Colorado’s Expressed Consent Law: Refusal to Take a Chemical Test

If you are stopped for operating a vehicle while intoxicated, can you refuse chemical testing?

Under Colorado’s expressed consent law, any person who drives a motor vehicle on the streets and highways of the state is deemed to have given consent to a breath, blood, saliva, and/or urine test. In other words, a driver is required to comply with an officer’s request to take a chemical test when there’s probable cause to believe the person was driving a motor vehicle in violation of Colorado’s DUI laws.

Under What Circumstances Will a Chemical Test be Requested?

An officer who has probable cause to believe a person was driving under the influence will normally ask the person to take a breath or blood test to determine the person’s blood alcohol content (BAC). However, once a driver chooses either a breath or blood test, he or she typically can’t change the election.

If an officer has probable cause to believe a person was driving under the influence of drugs or a combination of drugs and alcohol, the officer will request a test of blood, salvia, and/or urine.

Barring extraordinary circumstances, an officer is supposed to make sure the driver is tested within two hours of driving.

Consequences of Refusing a Test

Drivers who refuse chemical testing in violation of the expressed consent law are subject to certain penalties.

License Revocation

The Colorado Division of Motor Vehicles (DMV) will generally revoke an offender’s driving privileges for refusing a chemical test. The follow revocation periods apply:

  • First refusal. One-year revocation.
  • Second refusal. Two-year revocation.
  • Third refusal. Three-year revocation.

When a driver refuses to take a chemical test, the arresting officer can immediately take the driver’s license and issue a temporary seven-day permit. A driver whose license has been revoked for refusing a chemical test is entitled to contest the revocation at an administrative hearing.

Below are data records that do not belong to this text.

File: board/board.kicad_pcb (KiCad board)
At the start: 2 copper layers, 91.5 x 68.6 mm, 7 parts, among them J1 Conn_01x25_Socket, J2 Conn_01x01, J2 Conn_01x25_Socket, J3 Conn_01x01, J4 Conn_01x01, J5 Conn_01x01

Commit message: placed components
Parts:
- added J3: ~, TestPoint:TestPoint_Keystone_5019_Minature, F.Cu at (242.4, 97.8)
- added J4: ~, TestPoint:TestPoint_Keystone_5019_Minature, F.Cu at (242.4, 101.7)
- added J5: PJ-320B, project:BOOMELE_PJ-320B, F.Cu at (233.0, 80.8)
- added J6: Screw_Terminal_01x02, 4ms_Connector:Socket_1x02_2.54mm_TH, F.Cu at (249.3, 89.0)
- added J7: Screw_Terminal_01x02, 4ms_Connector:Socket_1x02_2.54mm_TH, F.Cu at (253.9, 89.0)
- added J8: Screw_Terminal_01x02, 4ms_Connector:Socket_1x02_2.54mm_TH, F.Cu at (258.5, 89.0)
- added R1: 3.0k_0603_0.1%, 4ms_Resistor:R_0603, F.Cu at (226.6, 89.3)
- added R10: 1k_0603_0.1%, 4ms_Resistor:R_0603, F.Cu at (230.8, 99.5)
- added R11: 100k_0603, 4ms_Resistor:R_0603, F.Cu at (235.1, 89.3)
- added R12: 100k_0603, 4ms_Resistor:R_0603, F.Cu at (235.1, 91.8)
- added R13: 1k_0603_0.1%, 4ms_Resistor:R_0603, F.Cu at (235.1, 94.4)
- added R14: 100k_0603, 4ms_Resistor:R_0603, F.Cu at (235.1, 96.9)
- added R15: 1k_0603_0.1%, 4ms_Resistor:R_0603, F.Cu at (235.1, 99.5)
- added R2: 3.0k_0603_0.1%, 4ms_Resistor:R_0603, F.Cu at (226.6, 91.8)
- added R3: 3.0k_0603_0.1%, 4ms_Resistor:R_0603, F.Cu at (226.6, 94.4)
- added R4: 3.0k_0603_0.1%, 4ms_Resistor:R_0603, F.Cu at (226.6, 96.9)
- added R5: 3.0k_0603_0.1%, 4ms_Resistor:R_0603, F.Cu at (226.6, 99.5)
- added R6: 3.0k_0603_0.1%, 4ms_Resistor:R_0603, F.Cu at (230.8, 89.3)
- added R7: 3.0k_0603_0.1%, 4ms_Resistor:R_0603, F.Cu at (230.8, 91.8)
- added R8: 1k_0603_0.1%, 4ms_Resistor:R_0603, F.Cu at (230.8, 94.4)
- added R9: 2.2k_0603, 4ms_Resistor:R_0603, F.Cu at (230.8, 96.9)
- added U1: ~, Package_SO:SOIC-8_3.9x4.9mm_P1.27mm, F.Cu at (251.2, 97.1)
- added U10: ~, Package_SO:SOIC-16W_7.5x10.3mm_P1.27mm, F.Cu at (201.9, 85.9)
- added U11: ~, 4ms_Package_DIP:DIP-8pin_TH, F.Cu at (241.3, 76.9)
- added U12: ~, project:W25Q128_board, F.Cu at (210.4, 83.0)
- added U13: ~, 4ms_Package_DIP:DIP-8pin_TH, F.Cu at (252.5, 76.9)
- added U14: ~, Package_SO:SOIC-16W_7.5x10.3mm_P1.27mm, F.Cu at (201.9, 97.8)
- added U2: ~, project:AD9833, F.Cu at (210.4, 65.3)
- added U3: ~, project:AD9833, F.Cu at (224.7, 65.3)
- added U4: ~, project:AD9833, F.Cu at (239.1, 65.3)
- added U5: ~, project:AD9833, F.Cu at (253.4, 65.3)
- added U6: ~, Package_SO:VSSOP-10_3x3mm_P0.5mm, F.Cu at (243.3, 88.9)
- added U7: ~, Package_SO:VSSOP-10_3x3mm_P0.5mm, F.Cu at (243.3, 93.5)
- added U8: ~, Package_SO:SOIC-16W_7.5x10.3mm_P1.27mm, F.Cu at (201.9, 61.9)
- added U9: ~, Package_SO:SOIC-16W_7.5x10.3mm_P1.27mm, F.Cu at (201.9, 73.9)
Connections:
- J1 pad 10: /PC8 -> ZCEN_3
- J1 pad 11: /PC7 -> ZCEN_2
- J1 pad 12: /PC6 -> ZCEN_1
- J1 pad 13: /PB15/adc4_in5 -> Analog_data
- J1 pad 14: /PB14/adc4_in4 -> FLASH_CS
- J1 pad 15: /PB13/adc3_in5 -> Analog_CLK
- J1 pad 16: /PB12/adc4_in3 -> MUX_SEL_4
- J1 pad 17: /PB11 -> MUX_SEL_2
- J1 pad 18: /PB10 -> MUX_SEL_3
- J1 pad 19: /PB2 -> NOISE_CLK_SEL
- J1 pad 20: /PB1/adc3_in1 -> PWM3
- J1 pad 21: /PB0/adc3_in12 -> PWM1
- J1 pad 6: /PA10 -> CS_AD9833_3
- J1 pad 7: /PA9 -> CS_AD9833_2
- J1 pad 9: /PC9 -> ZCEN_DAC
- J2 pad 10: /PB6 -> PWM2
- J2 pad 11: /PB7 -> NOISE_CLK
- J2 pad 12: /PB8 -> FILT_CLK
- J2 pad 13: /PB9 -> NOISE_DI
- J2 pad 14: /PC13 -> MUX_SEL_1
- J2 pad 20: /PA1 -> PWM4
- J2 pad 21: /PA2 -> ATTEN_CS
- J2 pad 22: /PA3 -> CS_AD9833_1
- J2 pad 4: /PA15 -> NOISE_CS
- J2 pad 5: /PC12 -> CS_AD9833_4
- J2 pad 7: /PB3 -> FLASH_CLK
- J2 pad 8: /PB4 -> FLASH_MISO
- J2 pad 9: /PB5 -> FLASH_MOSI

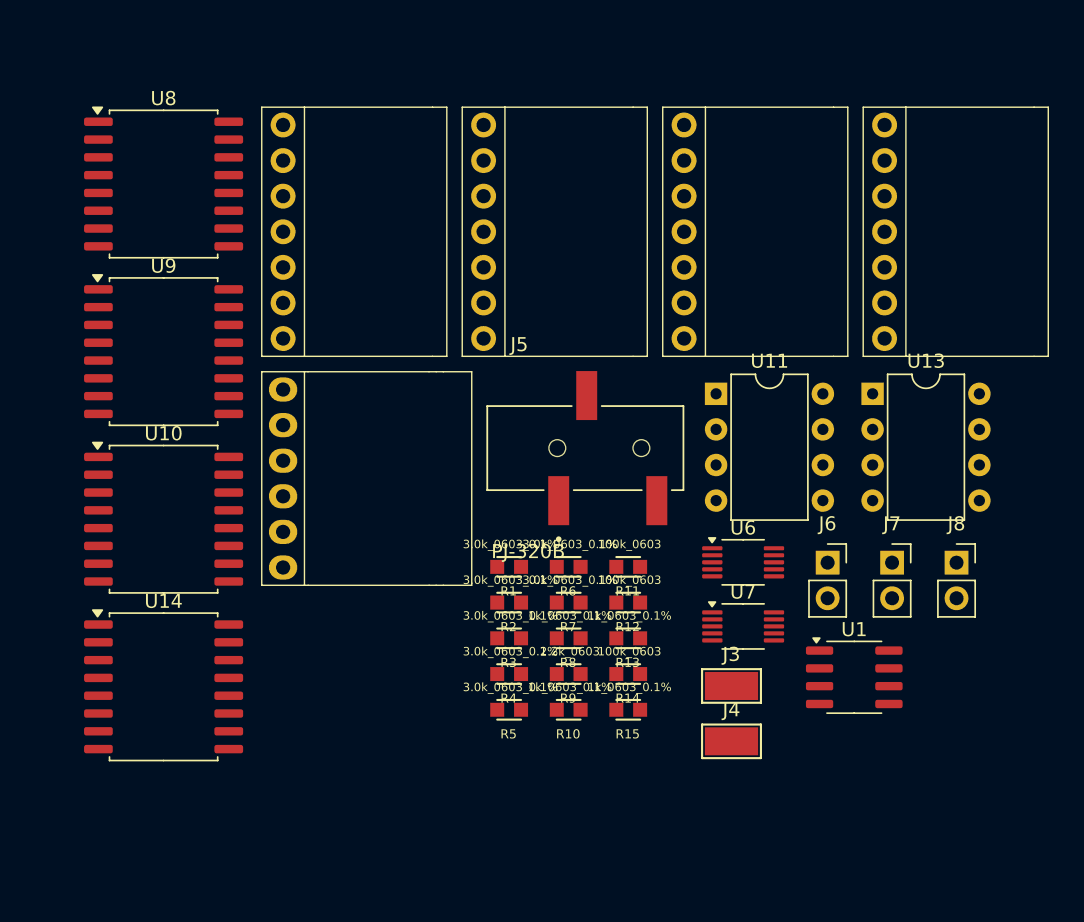
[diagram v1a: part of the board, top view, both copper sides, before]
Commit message: add Ux reference to boards and place components again...
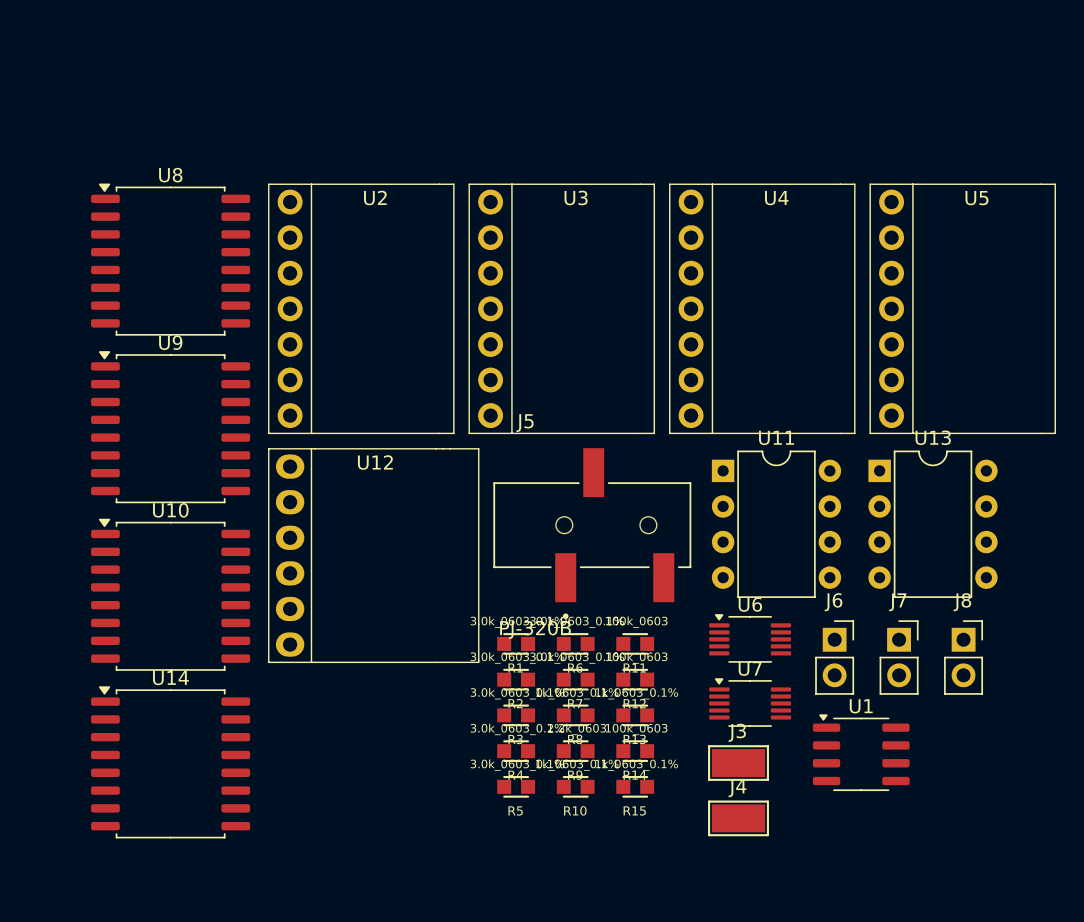
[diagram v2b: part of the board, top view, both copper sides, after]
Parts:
- moved J3 5.52 mm to (242.9, 103.3)
- moved J4 5.52 mm to (242.9, 107.2)
- moved J5 5.52 mm to (233.5, 86.3)
- moved J6 5.52 mm to (249.8, 94.5)
- moved J7 5.52 mm to (254.4, 94.5)
- moved J8 5.52 mm to (259.0, 94.5)
- moved R1 5.52 mm to (227.1, 94.8)
- moved R10 5.52 mm to (231.3, 105.0)
- moved R11 5.52 mm to (235.6, 94.8)
- moved R12 5.52 mm to (235.6, 97.3)
- moved R13 5.52 mm to (235.6, 99.9)
- moved R14 5.52 mm to (235.6, 102.4)
- moved R15 5.52 mm to (235.6, 105.0)
- moved R2 5.52 mm to (227.1, 97.3)
- moved R3 5.52 mm to (227.1, 99.9)
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
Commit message: horrible attempt at placing components
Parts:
- R13, R15, U4, U5: moved to B.Cu
- moved J4 143.0 mm to (111.0, 52.0)
- moved J3 139.8 mm to (111.0, 57.0)
- moved U11 130.1 mm to (113.2, 101.8), turned to 90 degrees
- moved U6 123.1 mm to (125.0, 62.0), turned to 180 degrees
- moved U4 115.5 mm to (124.0, 70.5), turned to -90 degrees
- moved U5 109.7 mm to (144.5, 78.9), turned to -90 degrees
- moved U13 103.0 mm to (150.4, 91.6), turned to 90 degrees
- moved R11 101.9 mm to (133.8, 99.8)
- moved U7 96.9 mm to (152.0, 68.0), turned to 90 degrees
- moved R15 94.1 mm to (143.2, 87.0), turned to 180 degrees
- moved R12 92.8 mm to (142.8, 99.8)
- moved U1 89.7 mm to (169.0, 68.0), turned to 90 degrees
- moved R13 88.6 mm to (147.0, 97.0), turned to 90 degrees
- moved U2 87.0 mm to (124.0, 67.1), turned to 90 degrees
- moved U3 80.9 mm to (144.5, 75.0), turned to 90 degrees
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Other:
- board text added: "DAC out"

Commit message: add caps on power lines, start tracing
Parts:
- added C1: 0.22uF_0603_25V, 4ms_Capacitor:C_0603, B.Cu at (167.0, 68.0)
- added C10: 0.22uF_0603_25V, 4ms_Capacitor:C_0603, B.Cu at (151.0, 101.0)
- added C11: 0.22uF_0603_25V, 4ms_Capacitor:C_0603, B.Cu at (157.0, 101.0)
- added C12: 0.22uF_0603_25V, 4ms_Capacitor:C_0603, B.Cu at (169.0, 87.0)
- added C13: 0.22uF_0603_25V, 4ms_Capacitor:C_0603, F.Cu at (172.0, 61.0)
- added C14: 0.22uF_0603_25V, 4ms_Capacitor:C_0603, B.Cu at (152.0, 62.0)
- added C15: 0.22uF_0603_25V, 4ms_Capacitor:C_0603, F.Cu at (118.0, 105.0)
- added C16: 0.22uF_0603_25V, 4ms_Capacitor:C_0603, B.Cu at (173.0, 87.0)
- added C17: 0.22uF_0603_25V, 4ms_Capacitor:C_0603, B.Cu at (138.0, 82.0)
- added C18: 0.22uF_0603_25V, 4ms_Capacitor:C_0603, B.Cu at (154.0, 101.0)
- added C19: 0.22uF_0603_25V, 4ms_Capacitor:C_0603, B.Cu at (143.0, 86.0)
- added C2: 0.22uF_0603_25V, 4ms_Capacitor:C_0603, F.Cu at (133.0, 79.0)
- added C20: 0.22uF_0603_25V, 4ms_Capacitor:C_0603, B.Cu at (140.0, 64.0)
- added C21: 0.22uF_0603_25V, 4ms_Capacitor:C_0603, B.Cu at (155.0, 89.0)
- added C22: 0.22uF_0603_25V, 4ms_Capacitor:C_0603, F.Cu at (113.0, 67.0)
- added C23: 0.22uF_0603_25V, 4ms_Capacitor:C_0603, B.Cu at (142.0, 67.0)
- added C3: 0.22uF_0603_25V, 4ms_Capacitor:C_0603, F.Cu at (116.0, 75.0)
- added C4: 0.22uF_0603_25V, 4ms_Capacitor:C_0603, F.Cu at (119.0, 62.0)
- added C5: 0.22uF_0603_25V, 4ms_Capacitor:C_0603, F.Cu at (133.0, 75.0)
- added C6: 0.22uF_0603_25V, 4ms_Capacitor:C_0603, F.Cu at (141.0, 96.0)
- added C7: 0.22uF_0603_25V, 4ms_Capacitor:C_0603, B.Cu at (156.0, 80.0)
- added C8: 0.22uF_0603_25V, 4ms_Capacitor:C_0603, F.Cu at (171.0, 97.0)
- added C9: 0.22uF_0603_25V, 4ms_Capacitor:C_0603, B.Cu at (144.0, 64.0)
- R11: moved to B.Cu
- moved R11 13.8 mm to (139.0, 87.0), turned to 180 degrees
- moved R15 3.80 mm to (146.8, 88.0)
- moved R1 2.00 mm to (157.0, 65.0)
- moved R10 2.00 mm to (170.1, 75.0)
- moved R2 2.00 mm to (157.0, 68.0)
- moved R3 2.00 mm to (157.0, 71.0)
- moved R4 2.00 mm to (157.0, 74.0)
- moved R5 2.00 mm to (161.2, 65.0)
- moved R6 2.00 mm to (161.2, 68.0)
- moved R7 2.00 mm to (161.2, 71.0)
- moved R8 2.00 mm to (164.0, 75.0)
- moved R9 2.00 mm to (167.1, 75.0)
- moved U1 2.00 mm to (167.0, 68.0)
- moved U12 2.00 mm to (163.0, 62.0)
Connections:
- J1 pad 14: FLASH_CS -> /PB14/adc4_in4
- J2 pad 6: /PD2 -> FLASH_CS
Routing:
- net Analog_CLK: track 0.00 -> 112.4 mm, vias 0 -> 6
- net CS_AD9833_2: track 0.00 -> 78.6 mm
- net Analog_data: track 0.00 -> 65.9 mm, vias 0 -> 4
- net CS_AD9833_3: track 0.00 -> 46.1 mm
- net CS_AD9833_4: track 0.00 -> 40.8 mm
- net Analog_data_out1: track 0.00 -> 29.0 mm, vias 0 -> 2
- net Analog_data_out2: track 0.00 -> 19.7 mm, vias 0 -> 2
- net Analog_data_out3: track 0.00 -> 18.6 mm, vias 0 -> 3
- net CS_AD9833_1: track 0.00 -> 18.2 mm
- net FLASH_MISO: track 0.00 -> 13.5 mm
- net FLASH_CLK: track 0.00 -> 10.3 mm
- net FLASH_MOSI: track 0.00 -> 9.28 mm
- net FLASH_CS: track 0.00 -> 8.67 mm

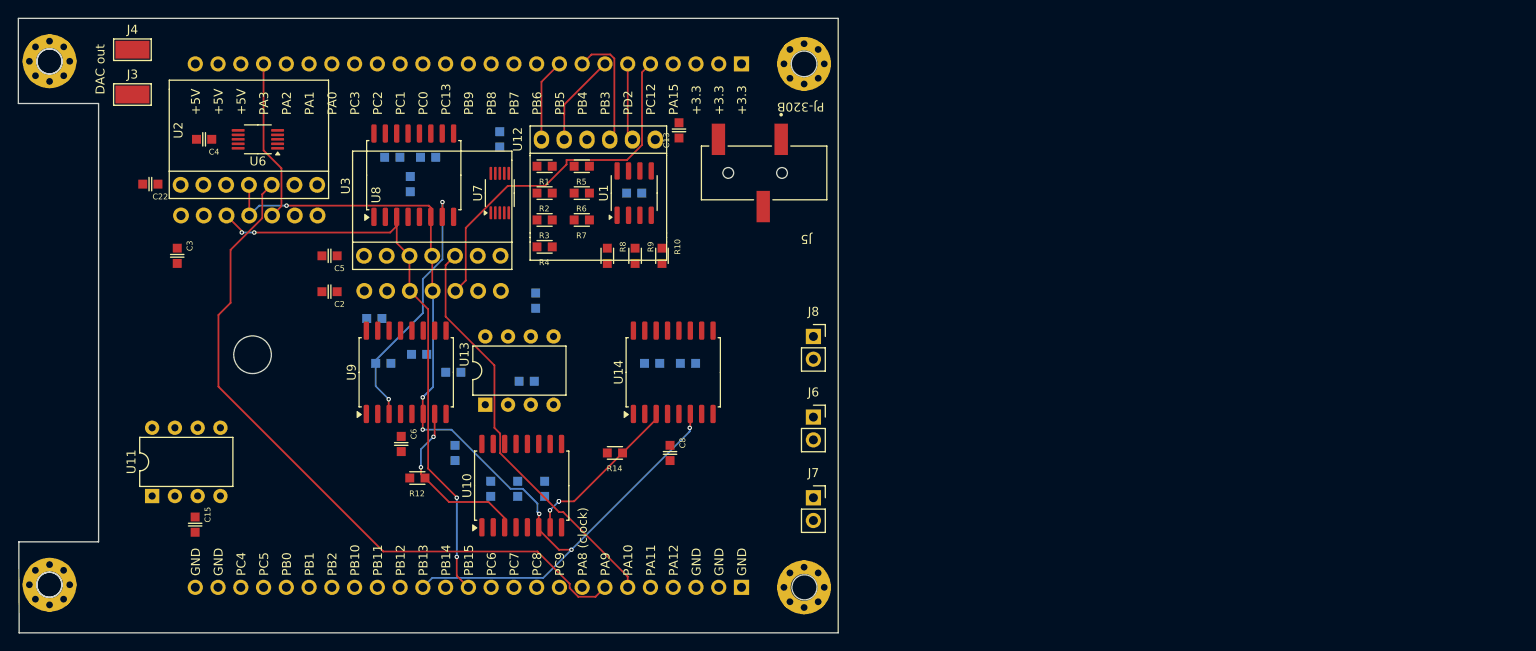
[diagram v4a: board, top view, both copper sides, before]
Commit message: traced (changed some CS and mux select pins to make tracing easier)
Dude that's horrible PCB...
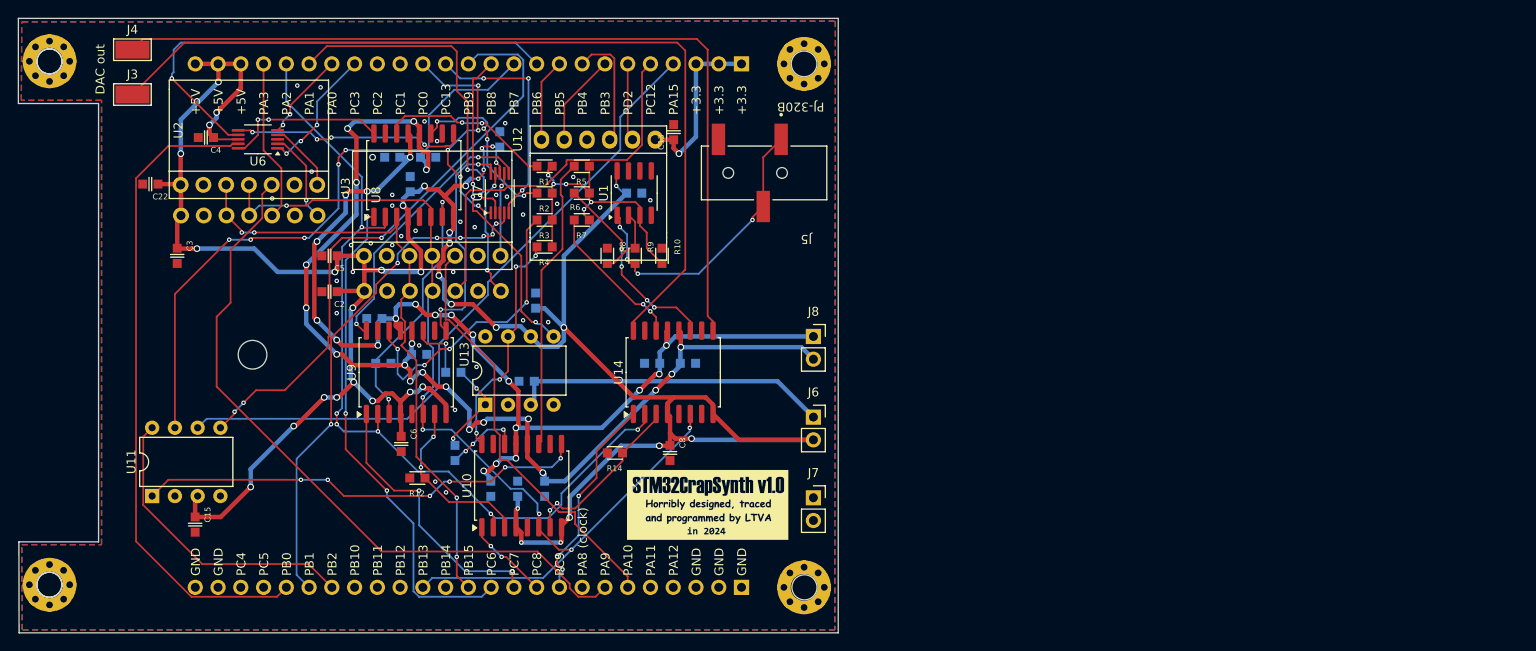
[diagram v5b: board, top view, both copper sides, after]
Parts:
- added G***: LOGO, project:logo_negative, F.Cu at (175.2, 102.8)
- moved C13 0.63 mm to (171.4, 61.2)
- moved C4 0.28 mm to (119.2, 61.8)
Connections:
- J1 pad 16: MUX_SEL_4 -> /PB12/adc4_in3
- J1 pad 17: MUX_SEL_2 -> /PB11
- J1 pad 18: MUX_SEL_3 -> /PB10
- J2 pad 14: MUX_SEL_1 -> MUX_SEL_3
- J2 pad 15: /PC0 -> MUX_SEL_4
- J2 pad 18: /PC3 -> MUX_SEL_1
- J2 pad 19: /PA0 -> MUX_SEL_2
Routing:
- net +5V: track 0.00 -> 305.3 mm, vias 0 -> 38
- net P,+15: track 0.00 -> 125.3 mm, vias 0 -> 19
- net P,-15: track 0.00 -> 116.3 mm, vias 0 -> 20
- net DAC_tovol2: track 0.00 -> 98.1 mm
- net ATTEN_CS: track 0.00 -> 97.1 mm, vias 0 -> 6
- net DAC_tovol1: track 0.00 -> 96.8 mm
- net NOISE_CS: track 0.00 -> 75.7 mm
- net PWM1: track 0.00 -> 73.3 mm
- net NOISE_CLK: track 0.00 -> 68.8 mm, vias 0 -> 5
- net NOISE_DI: track 0.00 -> 66.3 mm, vias 0 -> 3
- net PWM3: track 0.00 -> 57.3 mm, vias 0 -> 7
- net ZCEN_1: track 0.00 -> 56.1 mm, vias 0 -> 3
- net PWM2: track 0.00 -> 55.1 mm, vias 0 -> 1
- net NOISE_TOVOL: track 0.00 -> 50.5 mm, vias 0 -> 6
- net PWM4: track 0.00 -> 38.8 mm, vias 0 -> 2
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- added copper zone on B.Cu, net GND
- added copper zone on F.Cu, net GND

After completing two months of a refusal revocation, the offender will be eligible for a restricted license. But before the restricted license will be issued, the driver must install an ignition interlock device and complete alcohol/drug education and a treatment program.

Refusal Can Be Used Against a Defendant in a Criminal Case

Another consequence of refusing a chemical test is that the prosecutor is allowed to present evidence of the refusal in the criminal case if the defendant is on trial for DUI or DWAI (driving while ability impaired). This rule allows prosecutors to provide the jury with an explanation for why they don’t have a chemical test showing the amount of alcohol or drugs in the driver’s system. A prosecutor might also argue the driver refused testing in an effort to conceal intoxication.

Deciding Whether to Submit to Chemical Testing

A driver can refuse to submit to chemical testing, but the penalties for refusing are generally more severe than those for failing a test. In other words, the duration of license revocations for test refusals are usually longer than the revocation for test failures.

There are also circumstances allowing police to administer a chemical test without the driver’s consent. Generally, an officer can’t physically restrain a person to obtain a sample for testing. However, if the incident involved injuries or death and the driver refused to complete a test, an officer can require a blood test without the person’s consent.